**Problem details:** Each line in the records below, from the one that contains "#8464 = CARTESIAN_POINT" to the one that contains "#10629 = VECTOR", should be reproduced exactly, the first and last included.

========

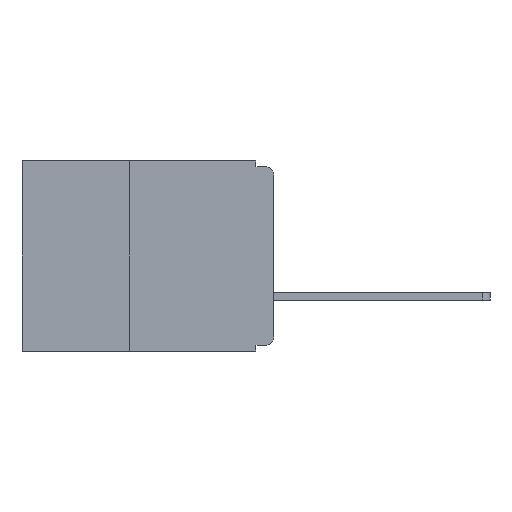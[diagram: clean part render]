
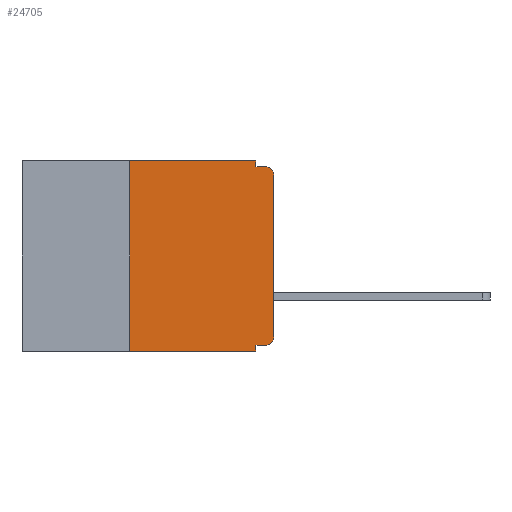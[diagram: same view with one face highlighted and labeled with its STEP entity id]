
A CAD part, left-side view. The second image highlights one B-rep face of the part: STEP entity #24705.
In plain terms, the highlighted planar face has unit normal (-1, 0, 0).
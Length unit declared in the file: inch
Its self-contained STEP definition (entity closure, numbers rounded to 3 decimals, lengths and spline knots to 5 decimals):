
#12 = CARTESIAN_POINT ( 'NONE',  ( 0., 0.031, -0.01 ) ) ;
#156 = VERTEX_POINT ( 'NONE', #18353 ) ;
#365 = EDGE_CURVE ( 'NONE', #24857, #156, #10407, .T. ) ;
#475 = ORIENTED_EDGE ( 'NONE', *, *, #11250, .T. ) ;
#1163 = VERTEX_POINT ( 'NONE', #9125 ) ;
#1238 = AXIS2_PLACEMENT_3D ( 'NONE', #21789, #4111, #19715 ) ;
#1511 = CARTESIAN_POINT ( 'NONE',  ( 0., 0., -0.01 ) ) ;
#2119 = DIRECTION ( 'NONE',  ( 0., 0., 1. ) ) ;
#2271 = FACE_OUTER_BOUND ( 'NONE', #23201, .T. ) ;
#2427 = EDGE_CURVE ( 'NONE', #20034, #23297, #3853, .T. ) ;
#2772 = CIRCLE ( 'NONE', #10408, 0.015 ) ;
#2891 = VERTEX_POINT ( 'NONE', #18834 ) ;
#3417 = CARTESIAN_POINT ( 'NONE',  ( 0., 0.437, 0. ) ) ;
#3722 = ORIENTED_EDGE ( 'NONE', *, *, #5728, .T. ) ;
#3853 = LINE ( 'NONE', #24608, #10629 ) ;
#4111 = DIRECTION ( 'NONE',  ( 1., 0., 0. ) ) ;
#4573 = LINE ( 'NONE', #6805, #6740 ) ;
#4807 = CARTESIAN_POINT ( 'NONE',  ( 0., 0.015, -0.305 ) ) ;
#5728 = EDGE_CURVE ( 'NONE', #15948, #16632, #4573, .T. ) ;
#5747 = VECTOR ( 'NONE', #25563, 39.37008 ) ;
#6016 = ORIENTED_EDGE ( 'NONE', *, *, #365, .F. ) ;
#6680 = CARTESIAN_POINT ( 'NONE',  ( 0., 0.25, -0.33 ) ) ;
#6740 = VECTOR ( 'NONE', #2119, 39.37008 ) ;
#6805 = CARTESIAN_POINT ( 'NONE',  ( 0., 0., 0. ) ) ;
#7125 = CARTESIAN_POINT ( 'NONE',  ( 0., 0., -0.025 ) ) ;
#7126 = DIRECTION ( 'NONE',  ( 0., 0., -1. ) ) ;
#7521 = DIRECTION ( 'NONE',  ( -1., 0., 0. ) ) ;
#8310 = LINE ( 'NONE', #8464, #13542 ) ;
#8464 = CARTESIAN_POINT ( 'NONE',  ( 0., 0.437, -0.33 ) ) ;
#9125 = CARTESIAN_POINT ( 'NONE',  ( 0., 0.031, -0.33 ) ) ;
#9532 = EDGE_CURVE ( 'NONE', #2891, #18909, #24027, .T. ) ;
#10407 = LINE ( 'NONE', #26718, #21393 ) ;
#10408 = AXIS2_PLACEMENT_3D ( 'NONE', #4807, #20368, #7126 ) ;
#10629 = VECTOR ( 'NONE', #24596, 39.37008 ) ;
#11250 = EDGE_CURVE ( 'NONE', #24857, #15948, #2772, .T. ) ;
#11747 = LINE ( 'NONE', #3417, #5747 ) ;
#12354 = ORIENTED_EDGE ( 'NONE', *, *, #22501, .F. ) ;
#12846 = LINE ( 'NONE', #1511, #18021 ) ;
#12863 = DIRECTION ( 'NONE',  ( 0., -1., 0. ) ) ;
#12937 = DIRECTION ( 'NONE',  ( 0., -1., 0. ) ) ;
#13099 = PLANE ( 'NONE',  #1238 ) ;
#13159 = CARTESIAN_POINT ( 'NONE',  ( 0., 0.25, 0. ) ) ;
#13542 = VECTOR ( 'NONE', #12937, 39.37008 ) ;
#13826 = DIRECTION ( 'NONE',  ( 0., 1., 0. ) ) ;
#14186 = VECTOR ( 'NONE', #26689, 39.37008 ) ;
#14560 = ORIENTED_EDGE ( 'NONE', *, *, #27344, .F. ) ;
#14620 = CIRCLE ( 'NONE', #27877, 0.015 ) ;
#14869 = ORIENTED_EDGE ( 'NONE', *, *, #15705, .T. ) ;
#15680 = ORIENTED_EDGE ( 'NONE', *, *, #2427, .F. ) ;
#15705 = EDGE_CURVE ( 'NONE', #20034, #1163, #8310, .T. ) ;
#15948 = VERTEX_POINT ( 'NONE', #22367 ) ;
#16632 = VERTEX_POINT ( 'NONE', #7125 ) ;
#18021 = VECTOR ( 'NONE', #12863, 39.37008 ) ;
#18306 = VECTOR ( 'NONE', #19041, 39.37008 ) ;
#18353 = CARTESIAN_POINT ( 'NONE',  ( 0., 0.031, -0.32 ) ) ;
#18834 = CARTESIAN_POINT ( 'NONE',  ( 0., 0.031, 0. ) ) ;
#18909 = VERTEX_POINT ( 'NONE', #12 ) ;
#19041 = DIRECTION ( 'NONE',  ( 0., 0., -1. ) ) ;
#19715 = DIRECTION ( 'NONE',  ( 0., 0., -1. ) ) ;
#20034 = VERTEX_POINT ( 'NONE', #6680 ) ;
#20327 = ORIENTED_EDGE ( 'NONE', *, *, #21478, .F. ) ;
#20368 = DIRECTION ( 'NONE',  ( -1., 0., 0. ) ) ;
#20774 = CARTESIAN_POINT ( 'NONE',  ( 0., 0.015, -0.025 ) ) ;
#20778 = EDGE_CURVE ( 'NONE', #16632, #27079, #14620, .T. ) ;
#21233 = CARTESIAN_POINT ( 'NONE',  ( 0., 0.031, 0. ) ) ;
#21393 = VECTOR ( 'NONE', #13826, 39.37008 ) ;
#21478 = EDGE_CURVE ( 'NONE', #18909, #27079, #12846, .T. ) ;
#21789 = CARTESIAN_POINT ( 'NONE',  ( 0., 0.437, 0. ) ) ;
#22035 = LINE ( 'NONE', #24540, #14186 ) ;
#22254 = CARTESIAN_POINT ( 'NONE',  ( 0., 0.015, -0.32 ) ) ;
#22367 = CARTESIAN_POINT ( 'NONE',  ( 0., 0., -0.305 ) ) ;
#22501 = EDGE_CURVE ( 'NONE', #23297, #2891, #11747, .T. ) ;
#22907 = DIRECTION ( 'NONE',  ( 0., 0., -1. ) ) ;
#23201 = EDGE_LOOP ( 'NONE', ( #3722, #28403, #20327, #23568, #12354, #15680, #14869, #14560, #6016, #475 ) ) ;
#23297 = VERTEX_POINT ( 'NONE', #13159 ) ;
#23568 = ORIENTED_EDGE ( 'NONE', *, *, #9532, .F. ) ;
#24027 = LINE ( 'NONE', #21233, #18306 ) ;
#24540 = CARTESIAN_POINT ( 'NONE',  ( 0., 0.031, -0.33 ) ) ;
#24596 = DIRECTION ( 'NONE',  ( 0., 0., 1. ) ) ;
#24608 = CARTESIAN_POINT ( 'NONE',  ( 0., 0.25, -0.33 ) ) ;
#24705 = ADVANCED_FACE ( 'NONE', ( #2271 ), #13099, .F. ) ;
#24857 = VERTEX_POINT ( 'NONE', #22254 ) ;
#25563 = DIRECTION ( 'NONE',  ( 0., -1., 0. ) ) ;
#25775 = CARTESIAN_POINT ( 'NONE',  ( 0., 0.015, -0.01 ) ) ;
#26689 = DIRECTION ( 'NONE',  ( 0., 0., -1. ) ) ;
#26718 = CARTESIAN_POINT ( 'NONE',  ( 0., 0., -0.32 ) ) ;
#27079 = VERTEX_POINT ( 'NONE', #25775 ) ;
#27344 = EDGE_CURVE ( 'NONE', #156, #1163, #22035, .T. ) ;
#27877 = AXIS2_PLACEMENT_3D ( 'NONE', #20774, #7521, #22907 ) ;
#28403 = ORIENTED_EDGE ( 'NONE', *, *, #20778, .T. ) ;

========

**Reply:**
#8464 = CARTESIAN_POINT ( 'NONE',  ( 0., 0.437, -0.33 ) ) ;
#9125 = CARTESIAN_POINT ( 'NONE',  ( 0., 0.031, -0.33 ) ) ;
#9532 = EDGE_CURVE ( 'NONE', #2891, #18909, #24027, .T. ) ;
#10407 = LINE ( 'NONE', #26718, #21393 ) ;
#10408 = AXIS2_PLACEMENT_3D ( 'NONE', #4807, #20368, #7126 ) ;
#10629 = VECTOR ( 'NONE', #24596, 39.37008 ) ;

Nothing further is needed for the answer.